Coach Vera Held’s verdict on difficult situations at work.
Q: I’m a middle manager and have one staff person reporting to me. I’ve been asking for another staff person for one and a half years now but the company was not able to afford it. I did, however, receive a big bonus for 2010: $12,500. I nearly fainted when I opened the envelope. What do I do now?
A: Clearly you deserved it; your efforts have been recognized by upper management. And this was a truly smart corporate move: your bonus is approximately one quarter of what it would cost the company to hire another person for your department. Your challenge now will be to determine for how much longer you wish to keep up this pace. Sure, the bonus was great — but what did it take out of you? Are you always tired? Is your health good? Do you have ample time for the rest of your life? You need to ask yourself these serious work-life balance questions. You certainly wouldn’t feel right walking away now that you just received this mega bonus but my questions stand for the future.
Q: I was at a tradeshow on booth duty when I got a call from a tearful colleague telling me our company had just gone under. Then my boss called to tell me to give away all the tradeshow samples as there was no point in packing them up. So I worked the tradeshow for potential job leads. I felt terrible inviting people to the booth for freebies but what else could I do?
A: You did great. You kept your wits about you and stayed super practical. You’re out of a job and need to get a new one. Bankrupt organizations aren’t known for giving generous good-bye packages so you need to hustle. Work your network, stay focused, package yourself well to highlight all your strengths and, above all, remember sometimes bad things happen to good people. It’s the natural course in life and of work. Your situation is temporary. Happy hunting.
Q: I’m an electrician. Plumbers and electricians don’t work under unsafe conditions and we don’t rush to get the job done because we are paid hourly. However, the other onsite contractors — roofers, window guys, cabinet makers, floor installers, etc. — all work piece, meaning they get paid for the job, not by the hour. Because of this they cut corners and work fast to get as much work done as possible. Rushing leads to all kinds of accidents.

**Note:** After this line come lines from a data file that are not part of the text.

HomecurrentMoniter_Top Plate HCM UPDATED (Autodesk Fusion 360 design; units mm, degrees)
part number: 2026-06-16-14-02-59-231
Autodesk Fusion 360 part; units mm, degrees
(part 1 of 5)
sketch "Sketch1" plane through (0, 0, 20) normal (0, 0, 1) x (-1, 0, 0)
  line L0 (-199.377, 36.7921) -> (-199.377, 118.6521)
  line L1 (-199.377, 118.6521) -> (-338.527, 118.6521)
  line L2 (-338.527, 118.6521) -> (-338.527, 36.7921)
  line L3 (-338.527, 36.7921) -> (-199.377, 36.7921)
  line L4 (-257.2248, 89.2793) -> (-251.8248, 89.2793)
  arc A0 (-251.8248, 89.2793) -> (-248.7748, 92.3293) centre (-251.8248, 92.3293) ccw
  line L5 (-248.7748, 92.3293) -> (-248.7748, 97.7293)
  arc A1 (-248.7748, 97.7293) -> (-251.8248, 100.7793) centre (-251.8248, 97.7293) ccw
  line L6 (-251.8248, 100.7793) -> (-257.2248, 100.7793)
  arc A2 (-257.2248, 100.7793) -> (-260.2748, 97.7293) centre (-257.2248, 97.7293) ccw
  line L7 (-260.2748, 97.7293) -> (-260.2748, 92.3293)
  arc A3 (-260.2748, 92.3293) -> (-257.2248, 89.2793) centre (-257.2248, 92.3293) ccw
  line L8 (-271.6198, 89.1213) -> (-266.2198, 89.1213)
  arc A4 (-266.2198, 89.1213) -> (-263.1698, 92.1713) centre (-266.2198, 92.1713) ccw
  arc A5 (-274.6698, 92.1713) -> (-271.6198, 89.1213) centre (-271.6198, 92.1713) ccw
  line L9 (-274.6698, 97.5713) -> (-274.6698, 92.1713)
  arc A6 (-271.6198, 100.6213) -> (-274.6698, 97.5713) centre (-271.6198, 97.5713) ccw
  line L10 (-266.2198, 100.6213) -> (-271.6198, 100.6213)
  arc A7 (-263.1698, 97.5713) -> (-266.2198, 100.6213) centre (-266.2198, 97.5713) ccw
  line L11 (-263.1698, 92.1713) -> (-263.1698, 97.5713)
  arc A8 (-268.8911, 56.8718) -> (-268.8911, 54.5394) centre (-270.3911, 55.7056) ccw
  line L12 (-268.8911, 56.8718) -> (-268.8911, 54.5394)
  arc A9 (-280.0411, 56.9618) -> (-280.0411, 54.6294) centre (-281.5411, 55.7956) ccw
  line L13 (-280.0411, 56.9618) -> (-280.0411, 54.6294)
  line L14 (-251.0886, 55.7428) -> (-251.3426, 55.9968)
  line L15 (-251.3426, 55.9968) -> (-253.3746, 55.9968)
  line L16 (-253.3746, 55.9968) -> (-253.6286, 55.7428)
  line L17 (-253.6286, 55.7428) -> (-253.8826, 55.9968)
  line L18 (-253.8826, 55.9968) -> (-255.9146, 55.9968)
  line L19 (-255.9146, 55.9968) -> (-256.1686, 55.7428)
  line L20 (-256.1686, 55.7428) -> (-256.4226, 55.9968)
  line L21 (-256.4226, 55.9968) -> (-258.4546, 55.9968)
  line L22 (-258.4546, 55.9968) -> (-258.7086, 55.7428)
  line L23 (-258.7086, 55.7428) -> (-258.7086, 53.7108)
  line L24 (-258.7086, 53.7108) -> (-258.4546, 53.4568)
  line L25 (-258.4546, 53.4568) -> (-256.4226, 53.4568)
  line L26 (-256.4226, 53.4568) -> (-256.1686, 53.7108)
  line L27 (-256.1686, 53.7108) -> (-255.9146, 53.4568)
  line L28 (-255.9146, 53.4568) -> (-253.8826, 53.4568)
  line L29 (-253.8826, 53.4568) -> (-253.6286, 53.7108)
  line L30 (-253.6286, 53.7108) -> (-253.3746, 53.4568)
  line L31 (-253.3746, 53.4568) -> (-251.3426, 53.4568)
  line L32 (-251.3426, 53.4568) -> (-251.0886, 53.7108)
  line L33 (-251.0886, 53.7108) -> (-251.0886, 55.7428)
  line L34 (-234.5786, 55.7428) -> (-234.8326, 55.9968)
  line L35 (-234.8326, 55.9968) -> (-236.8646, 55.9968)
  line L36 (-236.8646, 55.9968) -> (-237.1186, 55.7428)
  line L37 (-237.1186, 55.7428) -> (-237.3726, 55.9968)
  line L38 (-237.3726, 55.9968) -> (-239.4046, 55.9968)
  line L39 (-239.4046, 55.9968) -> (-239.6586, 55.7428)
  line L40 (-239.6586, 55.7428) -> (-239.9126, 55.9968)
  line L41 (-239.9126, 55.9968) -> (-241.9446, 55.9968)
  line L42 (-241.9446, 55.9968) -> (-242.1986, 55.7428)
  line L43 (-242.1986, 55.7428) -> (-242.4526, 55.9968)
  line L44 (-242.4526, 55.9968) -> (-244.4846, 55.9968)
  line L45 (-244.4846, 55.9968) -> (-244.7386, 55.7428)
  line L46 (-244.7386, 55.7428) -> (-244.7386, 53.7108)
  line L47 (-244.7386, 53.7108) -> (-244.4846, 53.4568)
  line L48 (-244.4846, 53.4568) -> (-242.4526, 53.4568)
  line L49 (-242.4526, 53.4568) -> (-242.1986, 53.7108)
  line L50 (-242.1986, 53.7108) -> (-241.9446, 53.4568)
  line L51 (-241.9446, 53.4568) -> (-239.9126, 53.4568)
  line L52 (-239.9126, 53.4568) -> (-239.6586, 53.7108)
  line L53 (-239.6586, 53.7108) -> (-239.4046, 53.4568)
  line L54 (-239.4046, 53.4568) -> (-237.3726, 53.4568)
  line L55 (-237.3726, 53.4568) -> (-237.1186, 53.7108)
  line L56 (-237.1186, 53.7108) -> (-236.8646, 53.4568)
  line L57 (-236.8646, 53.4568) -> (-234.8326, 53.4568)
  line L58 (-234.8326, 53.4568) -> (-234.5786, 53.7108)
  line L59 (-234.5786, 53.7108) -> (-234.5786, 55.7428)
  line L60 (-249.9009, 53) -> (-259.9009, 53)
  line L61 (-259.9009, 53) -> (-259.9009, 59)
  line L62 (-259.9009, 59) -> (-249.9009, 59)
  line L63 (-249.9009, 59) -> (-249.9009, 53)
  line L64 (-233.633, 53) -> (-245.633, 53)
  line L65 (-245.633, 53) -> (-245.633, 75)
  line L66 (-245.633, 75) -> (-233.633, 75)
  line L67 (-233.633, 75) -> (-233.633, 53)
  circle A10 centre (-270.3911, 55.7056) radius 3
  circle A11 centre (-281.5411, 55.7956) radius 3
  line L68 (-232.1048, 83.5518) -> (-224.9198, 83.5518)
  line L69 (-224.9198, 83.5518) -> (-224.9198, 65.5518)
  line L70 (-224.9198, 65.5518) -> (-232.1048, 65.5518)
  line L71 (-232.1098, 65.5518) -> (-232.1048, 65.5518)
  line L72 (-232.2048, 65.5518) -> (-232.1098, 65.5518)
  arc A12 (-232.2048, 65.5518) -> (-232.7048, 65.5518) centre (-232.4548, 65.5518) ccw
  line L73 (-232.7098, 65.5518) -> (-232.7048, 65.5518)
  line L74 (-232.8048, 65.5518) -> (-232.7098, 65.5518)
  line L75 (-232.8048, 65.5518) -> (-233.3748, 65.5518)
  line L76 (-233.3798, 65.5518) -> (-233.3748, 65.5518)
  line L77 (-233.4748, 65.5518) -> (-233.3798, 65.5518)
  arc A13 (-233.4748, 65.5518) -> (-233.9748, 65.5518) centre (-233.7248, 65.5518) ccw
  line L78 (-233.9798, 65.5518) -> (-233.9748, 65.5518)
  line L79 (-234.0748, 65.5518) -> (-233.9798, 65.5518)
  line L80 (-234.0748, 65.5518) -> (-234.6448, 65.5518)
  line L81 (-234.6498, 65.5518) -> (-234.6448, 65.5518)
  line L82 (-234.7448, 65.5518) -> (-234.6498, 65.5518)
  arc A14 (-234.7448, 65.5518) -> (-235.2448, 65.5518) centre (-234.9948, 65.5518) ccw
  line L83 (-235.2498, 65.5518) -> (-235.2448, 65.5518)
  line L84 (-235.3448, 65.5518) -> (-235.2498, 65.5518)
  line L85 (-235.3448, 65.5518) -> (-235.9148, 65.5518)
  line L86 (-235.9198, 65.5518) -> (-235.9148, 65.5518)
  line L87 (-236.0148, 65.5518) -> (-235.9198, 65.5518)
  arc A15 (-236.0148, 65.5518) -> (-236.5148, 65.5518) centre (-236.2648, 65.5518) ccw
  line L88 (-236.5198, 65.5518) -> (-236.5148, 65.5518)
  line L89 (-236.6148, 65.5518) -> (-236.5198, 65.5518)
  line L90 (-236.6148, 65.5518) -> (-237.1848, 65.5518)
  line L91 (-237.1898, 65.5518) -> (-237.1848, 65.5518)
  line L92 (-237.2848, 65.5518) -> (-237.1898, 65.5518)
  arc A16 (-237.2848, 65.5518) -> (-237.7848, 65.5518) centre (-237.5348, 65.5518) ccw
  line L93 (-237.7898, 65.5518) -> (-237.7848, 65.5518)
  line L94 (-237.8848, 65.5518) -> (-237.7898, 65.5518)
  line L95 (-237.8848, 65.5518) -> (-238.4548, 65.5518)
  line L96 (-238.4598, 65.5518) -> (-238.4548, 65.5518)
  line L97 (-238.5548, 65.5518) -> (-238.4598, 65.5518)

A: I appreciate your honesty and insights. With other contractors focusing on putting bread on the table, it’s hard for them not to rush and not to cut corners when minutes count. So what’s the solution? Self-preservation and responsibility to themselves and their loved ones has got to be a priority. What’s the point of rushing on top of a roof and risking a fall to save a couple of minutes? Spread the “safety first” message to everyone on the construction site. No amount of money is worth risking their lives.